Given an integer array of size n, and an integer ‘K’, you need to count the number of pairs(need not to be unique) present in the array whose sum is equal to ‘K’.
Table of Contents
Example
Input:
Arr={1, 5, 7, 1}
K=6
Output:
2
Brute force solution for Count Pairs With Given Sum
Main idea
We can iterate over all the pairs of the given array, and then count the pairs whose sum is equal to K.
Algorithm
- Initialize a variable answer=0.
- Run a loop for I in range 0 to n-1
- Run a loop for j in range i+1 to n-1;
- If arr[i]+arr[j] is equal to k, then increament answer by 1.
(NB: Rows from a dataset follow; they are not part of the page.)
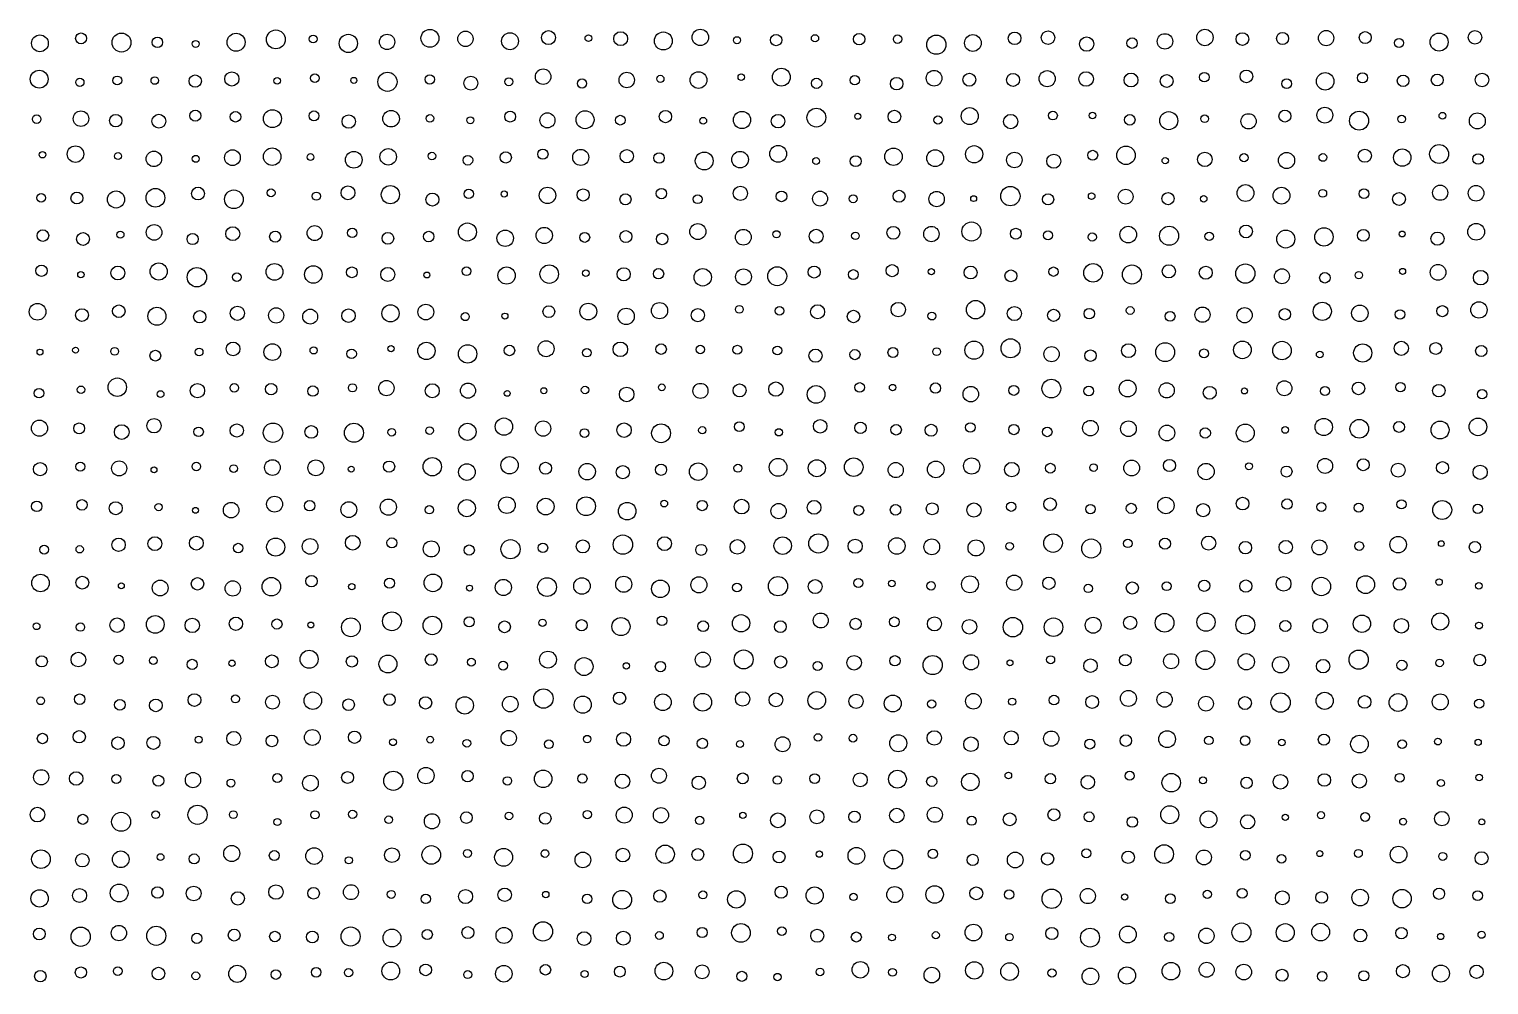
# Model space of a CAD drawing. Extents: x -295 to 305, y -195 to 205.
# Drawn here: x 5.4 to 80.5, y 5.4 to 54.6 of the extents above; entities that cross this region are included whole.
import ezdxf

# ---------------------------------------------------------------- set-up
doc = ezdxf.new("R2010")
doc.units = 0

msp = doc.modelspace()

# ---------------------------------------------------------------- linework, layer by layer
at = {"layer": 'VIA'}
for centre, radius in [((5.9721, 53.8852), 0.4321), ((8.0905, 54.1382), 0.2807), ((10.1691, 53.9235), 0.4876), ((12.0176, 53.9351), 0.269), ((16.0668, 53.9417), 0.4647), ((18.1131, 54.0865), 0.4867), ((20.0334, 54.1061), 0.1994), ((21.8466, 53.8799), 0.4693), ((23.8366, 53.956), 0.3936), ((26.0424, 54.1426), 0.4599), ((27.8708, 54.1161), 0.3964), ((30.1646, 53.9929), 0.4353), ((32.1434, 54.1783), 0.3599), ((34.1967, 54.152), 0.1713), ((35.8594, 54.1235), 0.3558), ((38.0547, 54.0064), 0.4621), ((39.9577, 54.1892), 0.4231), ((41.8459, 54.0446), 0.1824), ((43.8591, 54.0551), 0.2919), ((45.8609, 54.143), 0.1872), ((48.1313, 54.0998), 0.2982), ((50.1102, 54.1008), 0.2174), ((52.1054, 53.8133), 0.4951), ((53.985, 53.9004), 0.431), ((56.1315, 54.1438), 0.3218), ((57.8533, 54.1779), 0.3455), ((59.8394, 53.8456), 0.369), ((62.1776, 53.8957), 0.2708), ((63.8722, 53.9829), 0.3985), ((65.9255, 54.1845), 0.4215), ((67.8573, 54.1014), 0.3269), ((69.9253, 54.1332), 0.3115), ((72.166, 54.1537), 0.3934), ((74.1768, 54.1805), 0.3081), ((75.9181, 53.9048), 0.2338), ((77.9792, 53.9512), 0.4646), ((79.8231, 54.1923), 0.348), ((13.9849, 53.8508), 0.1774), ((44.1303, 52.1419), 0.4585), ((5.9345, 52.0397), 0.4603), ((8.0285, 51.8797), 0.2112), ((9.951, 51.972), 0.2297), ((11.8793, 51.9658), 0.1911), ((13.9627, 51.9429), 0.3185), ((15.848, 52.0525), 0.3659), ((18.1832, 51.9579), 0.1683), ((20.1243, 52.0949), 0.2214), ((22.1262, 51.9755), 0.1574), ((23.8556, 51.9032), 0.4929), ((26.0358, 52.0248), 0.2451), ((28.1489, 51.8338), 0.3569), ((30.1022, 51.9051), 0.2042), ((31.8686, 52.1663), 0.3998), ((33.8691, 51.8174), 0.2394), ((36.1709, 51.996), 0.3959), ((37.9009, 52.0531), 0.1866), ((39.8655, 51.9947), 0.4303), ((42.0668, 52.143), 0.1692), ((45.9422, 51.8252), 0.2654), ((47.9093, 51.9861), 0.243), ((50.0615, 51.8074), 0.3229), ((51.9889, 52.0903), 0.4037), ((53.8047, 52.0095), 0.3328), ((56.0513, 52.002), 0.3363), ((57.8098, 52.0652), 0.4138), ((59.811, 52.0487), 0.3742), ((62.1242, 51.9946), 0.3562), ((63.9603, 51.9434), 0.3292), ((65.8977, 52.1415), 0.2474), ((68.0629, 52.1809), 0.3269), ((70.1336, 51.8063), 0.249), ((72.1177, 51.9263), 0.4499), ((74.0397, 52.1074), 0.2588), ((76.1262, 51.9522), 0.2973), ((77.8825, 51.9959), 0.3054), ((80.19, 52.0002), 0.3473), ((8.0851, 50.0039), 0.3989), ((13.9685, 50.159), 0.2879), ((16.0377, 50.1054), 0.2722), ((17.9377, 50.0069), 0.4618), ((20.0733, 50.1512), 0.2539), ((24.0443, 50.0047), 0.4266), ((30.1727, 50.1142), 0.2797), ((34.0258, 49.9523), 0.4615), ((38.1629, 50.1112), 0.3158), ((42.1026, 49.9399), 0.443), ((45.9295, 50.0598), 0.4839), ((49.946, 50.1128), 0.3245), ((53.8208, 50.1412), 0.4374), ((58.1048, 50.1653), 0.227), ((60.1438, 50.1694), 0.1668), ((64.0666, 49.9033), 0.4647), ((70.0461, 50.1403), 0.3105), ((72.0963, 50.1877), 0.4081), ((73.8612, 49.9032), 0.4888), ((78.1527, 50.1548), 0.1756), ((5.8036, 49.9804), 0.2212), ((9.8722, 49.9044), 0.3188), ((12.0943, 49.8742), 0.3556), ((21.8644, 49.8589), 0.3461), ((26.0453, 50.0175), 0.1952), ((28.1231, 49.9223), 0.1756), ((32.0908, 49.92), 0.3884), ((35.8409, 49.9295), 0.2501), ((40.1084, 49.8963), 0.1762), ((43.9596, 49.8772), 0.3479), ((48.0621, 50.1273), 0.1544), ((52.1896, 49.9363), 0.215), ((55.9338, 49.8574), 0.3667), ((62.0598, 49.9486), 0.2733), ((65.914, 50.0002), 0.1957), ((68.1711, 49.8696), 0.3934), ((76.0504, 49.9858), 0.1986), ((79.9459, 49.8897), 0.4108), ((6.1021, 48.1492), 0.1655), ((7.8002, 48.1819), 0.4258), ((9.9911, 48.0826), 0.1774), ((11.8368, 47.9358), 0.3976), ((13.9918, 47.9384), 0.1779), ((15.8797, 47.9988), 0.4057), ((17.9253, 48.0516), 0.4497), ((19.8963, 48.0323), 0.1766), ((22.1251, 47.8908), 0.4303), ((23.8956, 48.0418), 0.4232), ((26.1441, 48.0788), 0.1973), ((27.9963, 47.8682), 0.2497), ((29.9468, 48.0109), 0.2877), ((31.8569, 48.1793), 0.2627), ((33.8041, 48.0137), 0.414), ((36.1699, 48.0725), 0.3425), ((37.8349, 47.9818), 0.2683), ((40.1602, 47.8298), 0.4593), ((42.0046, 47.8983), 0.4264), ((43.9643, 48.194), 0.4338), ((47.9523, 47.8184), 0.2822), ((49.8992, 48.0486), 0.4476), ((52.0458, 47.9765), 0.4332), ((54.0483, 48.1739), 0.4428), ((56.1209, 47.8818), 0.3982), ((58.1481, 47.8165), 0.3626), ((60.153, 48.1234), 0.2546), ((61.8644, 48.1211), 0.4777), ((65.9229, 47.9082), 0.3712), ((67.9404, 47.9974), 0.2113), ((70.1292, 47.8555), 0.4151), ((71.996, 48.008), 0.1972), ((74.1579, 48.0989), 0.3378), ((76.0842, 48.0014), 0.4462), ((77.9776, 48.1852), 0.4868), ((79.9882, 47.9302), 0.2732), ((45.9189, 47.8271), 0.176), ((63.8837, 47.8414), 0.161), ((68.0146, 46.178), 0.433), ((78.0356, 46.1945), 0.3909), ((6.0371, 45.9351), 0.2238), ((7.8757, 45.9194), 0.3055), ((9.8889, 45.8485), 0.4407), ((11.9137, 45.9324), 0.4825), ((14.1068, 46.1512), 0.3308), ((15.9527, 45.8545), 0.4808), ((17.8681, 46.1901), 0.2026), ((20.1973, 46.0183), 0.2096), ((21.8251, 46.1932), 0.3574), ((24.0068, 46.0951), 0.4664), ((26.1683, 45.8426), 0.3336), ((28.0434, 46.1349), 0.2426), ((29.8652, 46.1282), 0.1597), ((32.0937, 46.0577), 0.4216), ((33.9298, 46.0805), 0.3126), ((36.1062, 45.8545), 0.2867), ((37.9532, 46.15), 0.2657), ((39.824, 45.8601), 0.2271), ((42.0214, 46.1608), 0.3672), ((44.1351, 46.0061), 0.273), ((46.1208, 45.8894), 0.3853), ((47.8251, 45.8831), 0.2031), ((50.1858, 46.014), 0.3072), ((52.1214, 45.8701), 0.3943), ((54.0249, 45.8903), 0.1506), ((55.9143, 46.0204), 0.4982), ((57.8573, 45.8535), 0.2881), ((60.0972, 46.0185), 0.17), ((61.8494, 45.9935), 0.3822), ((64.0279, 45.8898), 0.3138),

- Run a loop for j in range i+1 to n-1;
- Return answer.
Implementation
C++ program
#include<bits/stdc++.h>
using namespace std;
int main(){
int n,k;
cin>>n>>k;
int a[n];
for(int i=0;i<n;i++){
cin>>a[i];
}
int ans=0;
for(int i=0;i<n;i++){
for(int j=i+1;j<n;j++){
if(a[i]+a[j]==k){
ans++;
}
}
}
cout<<"Number of pairs with the given sum are: "<<ans;
}4 6 1 5 7 1
Number of pairs with the given sum are: 2
JAVA program
import java.util.*;
public class Main
{
public static void main(String[] args) {
Scanner sc= new Scanner(System.in);
int n = sc.nextInt();
int k = sc.nextInt();
int[] a = new int[n];
for(int i=0;i<n;i++){
a[i] = sc.nextInt();
}
int ans=0;
for(int i=0;i<n;i++){
for(int j=i+1;j<n;j++){
if(a[i]+a[j]==k){
ans++;
}
}
}
System.out.println("Number of pairs with the given sum are: "+ans);
}
}
6 4 2 2 3 1 1 5
Number of pairs with the given sum are: 3
Complexity Analysis for Count Pairs With Given Sum
Time complexity
As we are iterating over all the pairs and there are approximately N^2 pairs, so the total time complexity is O(N^2).
Space complexity
We have not used any extra space, so space complexity is O(1).
Hashing Concept for Count Pairs With Given Sum
Main idea
We will maintain a hash table which will store the frequency of each number in the given array.
Now we will iterate over the array and add all the elements whose value is equal to k-arr[i].
But we have to check one condition:
If arr[i] is equal to k-arr[i], then we will subtract 1 from our answer because we have to find distinct pairs, so we cannot take arr[i] twice for a pair, that’s why we will subtract this case from our answer.
Algorithm
- Make a hash table which will store the count of each element in the array.
- Iterate the array for I in range 0 to n-1
- If arr[i] is equal to k-arr[i], then add (count_of(k-arr[i])-1) to the answer.
- If arr[i] is not equal to k-arr[i], then add (count_of(k-arr[i]) to the answer.
- Return answer.
Example
Hash table created for the array = {1, 2, 3, 3, 4, 1, 1} is:
Implementation
C++ program
#include <bits/stdc++.h>
using namespace std;
int main()
{
int n, k;
cin >> n >> k;
unordered_map<int, int> fre;
vector<int> arr(n);
for (int i = 0; i < n; i++)
{
cin >> arr[i];
fre[arr[i]]++;
}
int answer = 0;
for (int i = 0; i < n; i++)
{
if (arr[i] == k - arr[i])
{
answer += (fre[arr[i]] - 1);
}
else
{
answer += (fre[k - arr[i]]);
}
}
answer /= 2;
cout << "Number of pairs with the given sum are: "<<answer << endl;
return 0;
}6 4 1 2 2 2 3 4
Number of pairs with the given sum are: 4
JAVA program
import java.util.*;
public class Main
{
public static void main(String[] args) {
Scanner sc= new Scanner(System.in);
int n = sc.nextInt();
int k = sc.nextInt();
int[] arr = new int[n];
HashMap<Integer, Integer> fre = new HashMap<Integer, Integer>();
for(int i=0;i<n;i++){
arr[i] = sc.nextInt();
Integer j = fre.get(arr[i]);
fre.put(arr[i], (j == null) ? 1 : j + 1);
}
int answer = 0;
for (int i = 0; i < n; i++)
{
if (arr[i] == k - arr[i])
{
answer += (fre.get(arr[i]) - 1);
}
else
{
Integer j = fre.get(k - arr[i]);
if(j!=null)
answer += j;
}
}
answer /= 2;
System.out.println("Number of pairs with the given sum are: "+answer);
}
}
6 7 3 5 6 1 4 4
Number of pairs with the given sum are: 3
Complexity Analysis for Count Pairs With Given Sum
Time complexity
We iterate over the array only once, so the time complexity is O(N).
Space complexity
We are maintaining a hash table, so our space complexity is O(N).